In some cases, surgeons code their patients as sicker than they used to, even if doing so means doing additional, unnecessary treatment. This can range from putting a patient on nitroglycerin to, the article alleges, actually putting a little ring around someone’s mitral valve, which the surgeon who recalled the incident describes as “assault.” These measures either improve the risk adjustment or take the patient out of the report card sample entirely, because they’re deemed special cases.
You get the point: A measure that was supposed to make patients healthier and encourage the spread of best practices has instead kept doctors from treating sick patients and encouraged unnecessary treatments. Don’t get me wrong: It may well have encouraged some better treatment, too. But we always need to be mindful of the perverse incentives by which even a simple, obvious solution like “more transparency!” could actually make the system worse.
More broadly, when money is on the line, assume that people will act against any system you come up with to preserve their income, even to the detriment of patients — like Medicare’s plan to reduce hospital readmission rates, which completely succeeded in reducing those numbers and also apparently resulted in a lot more patients being put on observation status rather than being admitted to the hospital. That meant they didn’t count as “readmissions” if they came back. It also potentially left the patients on the hook for bigger bills.

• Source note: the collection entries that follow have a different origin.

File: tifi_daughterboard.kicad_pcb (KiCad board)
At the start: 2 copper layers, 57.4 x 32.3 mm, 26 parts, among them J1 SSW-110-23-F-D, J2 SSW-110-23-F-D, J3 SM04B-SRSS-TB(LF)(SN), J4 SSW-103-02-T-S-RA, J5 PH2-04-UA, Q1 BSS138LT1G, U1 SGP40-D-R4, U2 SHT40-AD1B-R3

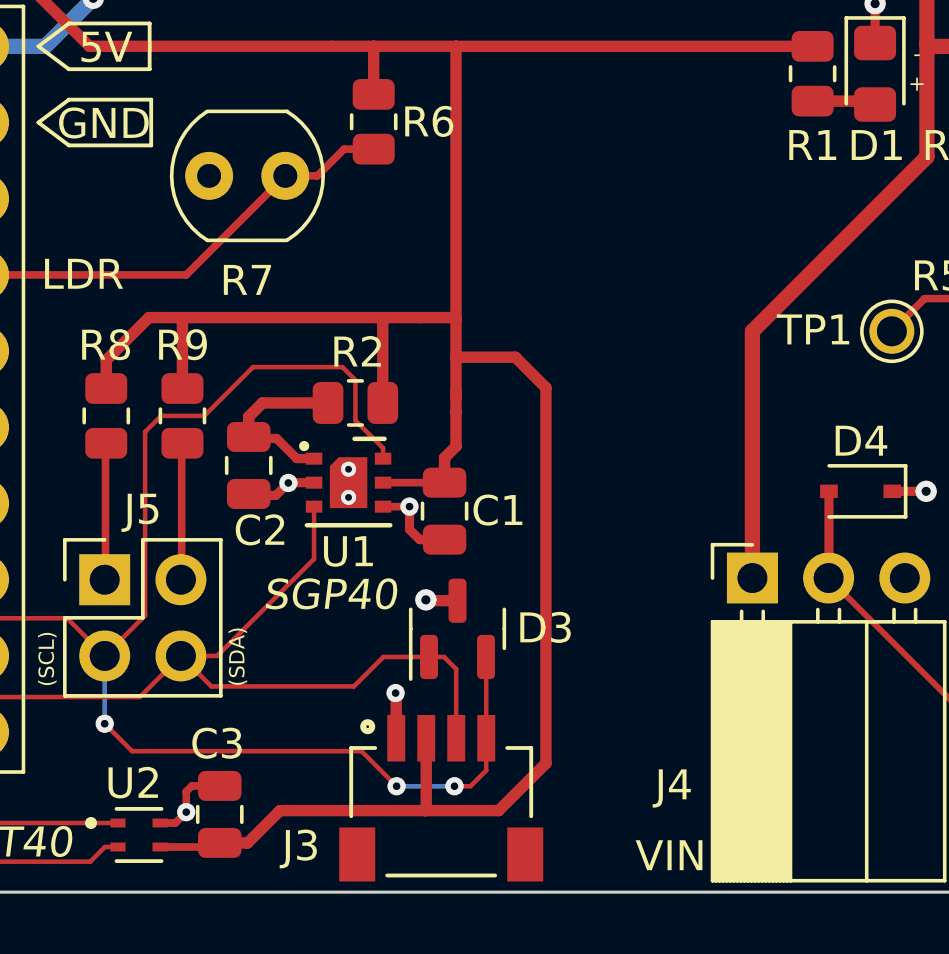
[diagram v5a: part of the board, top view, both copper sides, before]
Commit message: Add bulk capacitors to schmatic and board.
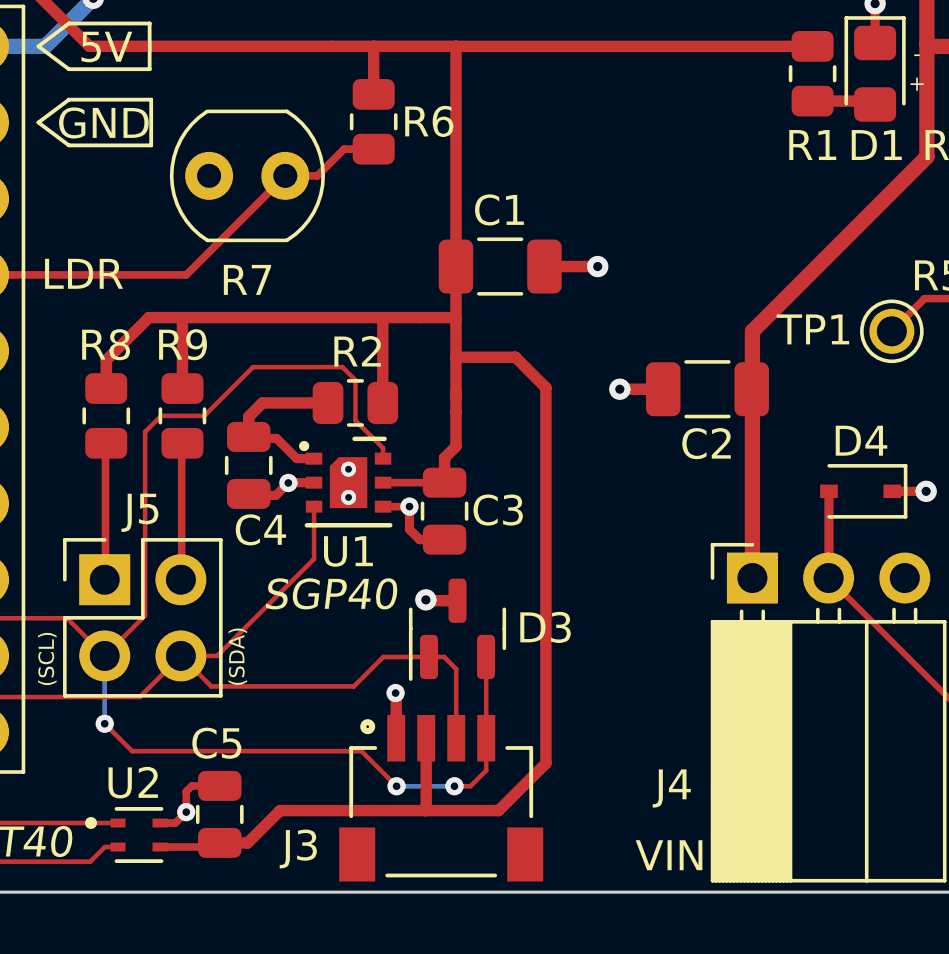
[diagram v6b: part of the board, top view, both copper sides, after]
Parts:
- added C1: 22uF, Capacitor_SMD:C_1206_3216Metric, F.Cu at (141.7, 81.0)
- added C2: 22uF, Capacitor_SMD:C_1206_3216Metric, F.Cu at (148.6, 85.1)
- renumbered C1 to C3, C2 to C4, C3 to C5
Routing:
- net GND: track 15.6 -> 18.8 mm, vias 11 -> 13
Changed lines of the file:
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@@
   (net 41 "unconnected-(J2-Pad20)")
   (net 42 "Net-(Q1-Pad2)")
-  (net 43 "Net-(C2-Pad1)")
+  (net 43 "Net-(R2-Pad2)")
   (net 44 "unconnected-(J1-Pad9)")
   (net 45 "Net-(J5-Pad1)")
@@
       (net 1 "+3.3V") (pintype "passive"))
     (pad "2" smd roundrect (at 0.9125 0 180) (size 1.025 1.4) (layers "F.Cu" "F.Paste" "F.Mask") (roundrect_rratio 0.243902439)
-      (net 43 "Net-(C2-Pad1)") (pintype "passive"))
+      (net 43 "Net-(R2-Pad2)") (pintype "passive"))
     (model "${KICAD6_3DMODEL_DIR}/Resistor_SMD.3dshapes/R_0805_2012Metric.wrl"
       (offset (xyz 0 0 0))
@@
     (property "Sheetname" "")
     (attr smd)
-    (fp_text reference "C2" (at 2.1844 -0.4064 180) (layer "F.SilkS")
+    (fp_text reference "C4" (at 2.1844 -0.4064 180) (layer "F.SilkS")
       (effects (font (size 1 1) (thickness 0.15)))
     )
@@
     (fp_line (start -1 0.625) (end -1 -0.625) (layer "F.Fab") (width 0.1))
     (pad "1" smd roundrect (at -0.95 0 270) (size 1 1.45) (layers "F.Cu" "F.Paste" "F.Mask") (roundrect_rratio 0.25)
-      (net 43 "Net-(C2-Pad1)") (pintype "passive"))
+      (net 43 "Net-(R2-Pad2)") (pintype "passive"))
     (pad "2" smd roundrect (at 0.95 0 270) (size 1 1.45) (layers "F.Cu" "F.Paste" "F.Mask") (roundrect_rratio 0.25)
       (net 2 "GND") (pintype "passive"))
@@
     )
   )
+  (footprint "Capacitor_SMD:C_1206_3216Metric" (layer "F.Cu")
+    (at 148.59 85.09 180)
+    (descr "Capacitor SMD 1206 (3216 Metric), square (rectangular) end terminal, IPC_7351 nominal, (Body size source: IPC-SM-782 page 76, https://www.pcb-3d.com/wordpress/wp-content/uploads/ipc-sm-782a_amendment_1_and_2.pdf), generated with kicad-footprint-generator")
+    (tags "capacitor")
+    (property "Sheetfile" "tifi_daughterboard.kicad_sch")
+    (property "Sheetname" "")
+    (property "Supplier Link" "https://www.digikey.com/en/products/detail/samsung-electro-mechanics/CL31B226MPHNNNE/3888806")
+    (attr smd)
+    (fp_text reference "C2" (at 0 -1.85) (layer "F.SilkS")
+      (effects (font (size 1 1) (thickness 0.15)))
+    )
+    (fp_text value "22uF" (at 0 1.85) (layer "F.Fab")
+      (effects (font (size 1 1) (thickness 0.15)))
+    )
+    (fp_text user "${REFERENCE}" (at 0 0) (layer "F.Fab")
+      (effects (font (size 0.8 0.8) (thickness 0.12)))
+    )
+    (fp_line (start -0.711252 0.91) (end 0.711252 0.91) (layer "F.SilkS") (width 0.12))
+    (fp_line (start -0.711252 -0.91) (end 0.711252 -0.91) (layer "F.SilkS") (width 0.12))
+    (fp_line (start -2.3 1.15) (end -2.3 -1.15) (layer "F.CrtYd") (width 0.05))
+    (fp_line (start 2.3 1.15) (end -2.3 1.15) (layer "F.CrtYd") (width 0.05))
+    (fp_line (start 2.3 -1.15) (end 2.3 1.15) (layer "F.CrtYd") (width 0.05))
+    (fp_line (start -2.3 -1.15) (end 2.3 -1.15) (layer "F.CrtYd") (width 0.05))
+    (fp_line (start 1.6 -0.8) (end 1.6 0.8) (layer "F.Fab") (width 0.1))
+    (fp_line (start -1.6 0.8) (end -1.6 -0.8) (layer "F.Fab") (width 0.1))
+    (fp_line (start -1.6 -0.8) (end 1.6 -0.8) (layer "F.Fab") (width 0.1))
+    (fp_line (start 1.6 0.8) (end -1.6 0.8) (layer "F.Fab") (width 0.1))
+    (pad "1" smd roundrect (at -1.475 0 180) (size 1.15 1.8) (layers "F.Cu" "F.Paste" "F.Mask") (roundrect_rratio 0.217391)
+      (net 6 "+5V") (pintype "passive"))
+    (pad "2" smd roundrect (at 1.475 0 180) (size 1.15 1.8) (layers "F.Cu" "F.Paste" "F.Mask") (roundrect_rratio 0.217391)
+      (net 2 "GND") (pintype "passive"))
+    (model "${KICAD6_3DMODEL_DIR}/Capacitor_SMD.3dshapes/C_1206_3216Metric.wrl"
+      (offset (xyz 0 0 0))
+      (scale (xyz 1 1 1))
+      (rotate (xyz 0 0 0))
+    )
+  )
   (footprint "LED_SMD:LED_0805_2012Metric_Pad1.15x1.40mm_HandSolder" (layer "F.Cu")
     (at 160.2486 74.5654 -90)
@@
     (property "Sheetfile" "tifi_daughterboard.kicad_sch")
     (property "Sheetname" "")
+    (property "Supplier Link" "https://www.digikey.com/en/products/detail/onsemi/BSS138LT1G/918376")
     (attr smd)
     (fp_text reference "Q1" (at 0 -2.7178 180) (layer "F.SilkS")
@@
     (property "Sheetname" "")
     (attr smd)
-    (fp_text reference "C3" (at 2.3368 -0.0762 180) (layer "F.SilkS")
+    (fp_text reference "C5" (at 2.3368 -0.0762 180) (layer "F.SilkS")
       (effects (font (size 1 1) (thickness 0.15)))
     )
@@
       (chamfer_ratio 0.24) (chamfer top_left))
     (pad "1" smd rect (at -1.15 -0.8) (size 0.55 0.4) (layers "F.Cu" "F.Paste" "F.Mask")
-      (net 43 "Net-(C2-Pad1)") (pinfunction "VDD") (pintype "power_in"))
+      (net 43 "Net-(R2-Pad2)") (pinfunction "VDD") (pintype "power_in"))
     (pad "2" smd rect (at -1.15 0) (size 0.55 0.4) (layers "F.Cu" "F.Paste" "F.Mask")
       (net 2 "GND") (pinfunction "VSS") (pintype "power_in"))
@@
       (net 12 "PIR_OUT") (pinfunction "A2") (pintype "passive"))
     (model "${KICAD6_3DMODEL_DIR}/Diode_SMD.3dshapes/D_SOD-323F.wrl"
+      (offset (xyz 0 0 0))
+      (scale (xyz 1 1 1))
+      (rotate (xyz 0 0 0))
+    )
+  )
+  (footprint "Capacitor_SMD:C_1206_3216Metric" (layer "F.Cu")
+    (at 141.6812 81.0006)
+    (descr "Capacitor SMD 1206 (3216 Metric), square (rectangular) end terminal, IPC_7351 nominal, (Body size source: IPC-SM-782 page 76, https://www.pcb-3d.com/wordpress/wp-content/uploads/ipc-sm-782a_amendment_1_and_2.pdf), generated with kicad-footprint-generator")
+    (tags "capacitor")
+    (property "Sheetfile" "tifi_daughterboard.kicad_sch")
+    (property "Sheetname" "")
+    (property "Supplier Link" "https://www.digikey.com/en/products/detail/samsung-electro-mechanics/CL31A226MQHNNNE/3887429")
+    (attr smd)
+    (fp_text reference "C1" (at 0 -1.85) (layer "F.SilkS")
+      (effects (font (size 1 1) (thickness 0.15)))
+    )
+    (fp_text value "22uF" (at 0 1.85) (layer "F.Fab")
+      (effects (font (size 1 1) (thickness 0.15)))
+    )
+    (fp_text user "${REFERENCE}" (at 0 0) (layer "F.Fab")
+      (effects (font (size 0.8 0.8) (thickness 0.12)))
+    )
+    (fp_line (start -0.711252 0.91) (end 0.711252 0.91) (layer "F.SilkS") (width 0.12))
+    (fp_line (start -0.711252 -0.91) (end 0.711252 -0.91) (layer "F.SilkS") (width 0.12))
+    (fp_line (start 2.3 -1.15) (end 2.3 1.15) (layer "F.CrtYd") (width 0.05))
+    (fp_line (start -2.3 1.15) (end -2.3 -1.15) (layer "F.CrtYd") (width 0.05))
+    (fp_line (start -2.3 -1.15) (end 2.3 -1.15) (layer "F.CrtYd") (width 0.05))
+    (fp_line (start 2.3 1.15) (end -2.3 1.15) (layer "F.CrtYd") (width 0.05))
+    (fp_line (start 1.6 -0.8) (end 1.6 0.8) (layer "F.Fab") (width 0.1))
+    (fp_line (start 1.6 0.8) (end -1.6 0.8) (layer "F.Fab") (width 0.1))
+    (fp_line (start -1.6 0.8) (end -1.6 -0.8) (layer "F.Fab") (width 0.1))
+    (fp_line (start -1.6 -0.8) (end 1.6 -0.8) (layer "F.Fab") (width 0.1))
+    (pad "1" smd roundrect (at -1.475 0) (size 1.15 1.8) (layers "F.Cu" "F.Paste" "F.Mask") (roundrect_rratio 0.217391)
+      (net 1 "+3.3V") (pintype "passive"))
+    (pad "2" smd roundrect (at 1.475 0) (size 1.15 1.8) (layers "F.Cu" "F.Paste" "F.Mask") (roundrect_rratio 0.217391)
+      (net 2 "GND") (pintype "passive"))
+    (model "${KICAD6_3DMODEL_DIR}/Capacitor_SMD.3dshapes/C_1206_3216Metric.wrl"
       (offset (xyz 0 0 0))
       (scale (xyz 1 1 1))
@@
     (property "Sheetfile" "tifi_daughterboard.kicad_sch")
     (property "Sheetname" "")
-    (attr exclude_from_pos_files)
+    (property "exclude_from_bom" "")
+    (attr exclude_from_pos_files exclude_from_bom)
     (fp_text reference "TP1" (at -2.5654 -0.0254) (layer "F.SilkS")
       (effects (font (size 1 1) (thickness 0.15)))
@@
     (property "Sheetname" "")
     (attr smd)
-    (fp_text reference "C1" (at 0 -1.8034 180) (layer "F.SilkS")
+    (fp_text reference "C3" (at 0 -1.8034 180) (layer "F.SilkS")
       (effects (font (size 1 1) (thickness 0.15)))
     )
@@
   (segment (start 131.2164 99.187) (end 130.8544 99.549) (width 0.254) (layer "F.Cu") (net 2))
   (segment (start 159.258 78.7654) (end 159.258 79.9908) (width 0.381) (layer "F.Cu") (net 2))
+  (segment (start 143.1562 81.0006) (end 144.9324 81.0006) (width 0.381) (layer "F.Cu") (net 2))
   (segment (start 157.9626 85.2678) (end 157.9626 83.8943) (width 0.3048) (layer "F.Cu") (net 2))
   (segment (start 135.4766 88.204) (end 134.6302 88.204) (width 0.3048) (layer "F.Cu") (net 2))
   (segment (start 138.999 90.104) (end 139.827 90.104) (width 0.3048) (layer "F.Cu") (net 2))
   (segment (start 131.4044 98.3132) (end 131.2164 98.5012) (width 0.254) (layer "F.Cu") (net 2))
+  (segment (start 147.115 85.09) (end 145.669 85.09) (width 0.381) (layer "F.Cu") (net 2))
   (segment (start 134.2034 88.6308) (end 134.62 88.2142) (width 0.3048) (layer "F.Cu") (net 2))
   (segment (start 154.178 72.2376) (end 154.178 73.549) (width 0.3048) (layer "F.Cu") (net 2))
   (segment (start 138.6586 89.0016) (end 138.6586 89.7636) (width 0.3048) (layer "F.Cu") (net 2))
   (segment (start 133.2992 88.6308) (end 134.2034 88.6308) (width 0.3048) (layer "F.Cu") (net 2))
+  (via (at 144.9324 81.0006) (size 0.7112) (drill 0.3048) (layers "F.Cu" "B.Cu") (free) (net 2))
   (via (at 131.2164 99.187) (size 0.6096) (drill 0.254) (layers "F.Cu" "B.Cu") (free) (net 2))
   (via (at 154.178 72.2376) (size 0.7112) (drill 0.3048) (layers "F.Cu" "B.Cu") (free) (net 2))
@@
   (via (at 138.6586 89.0016) (size 0.6096) (drill 0.254) (layers "F.Cu" "B.Cu") (net 2))
   (via (at 136.6266 87.757) (size 0.508) (drill 0.2286) (layers "F.Cu" "B.Cu") (free) (net 2))
+  (via (at 145.669 85.09) (size 0.7112) (drill 0.3048) (layers "F.Cu" "B.Cu") (free) (net 2))
   (via (at 159.258 78.7654) (size 0.7112) (drill 0.3048) (layers "F.Cu" "B.Cu") (free) (net 2))
   (via (at 134.62 88.2142) (size 0.6096) (drill 0.254) (layers "F.Cu" "B.Cu") (free) (net 2))

I’m not saying that no payment reform program can ever work. I am saying that most of the significant attempts to reform the way we pay for health care haven’t, and for similar reasons. Reformers have the basic idea right: You’ll get more of what you’ll pay for, and less of what you don’t, so you should pay for what you want. Unfortunately, in fields like health care and education, we can’t pay for what we want; we can only pay for what we can measure. And it’s usually a lot easier for people to play with the measurements than it is to change their behavior or give up a big hunk of income.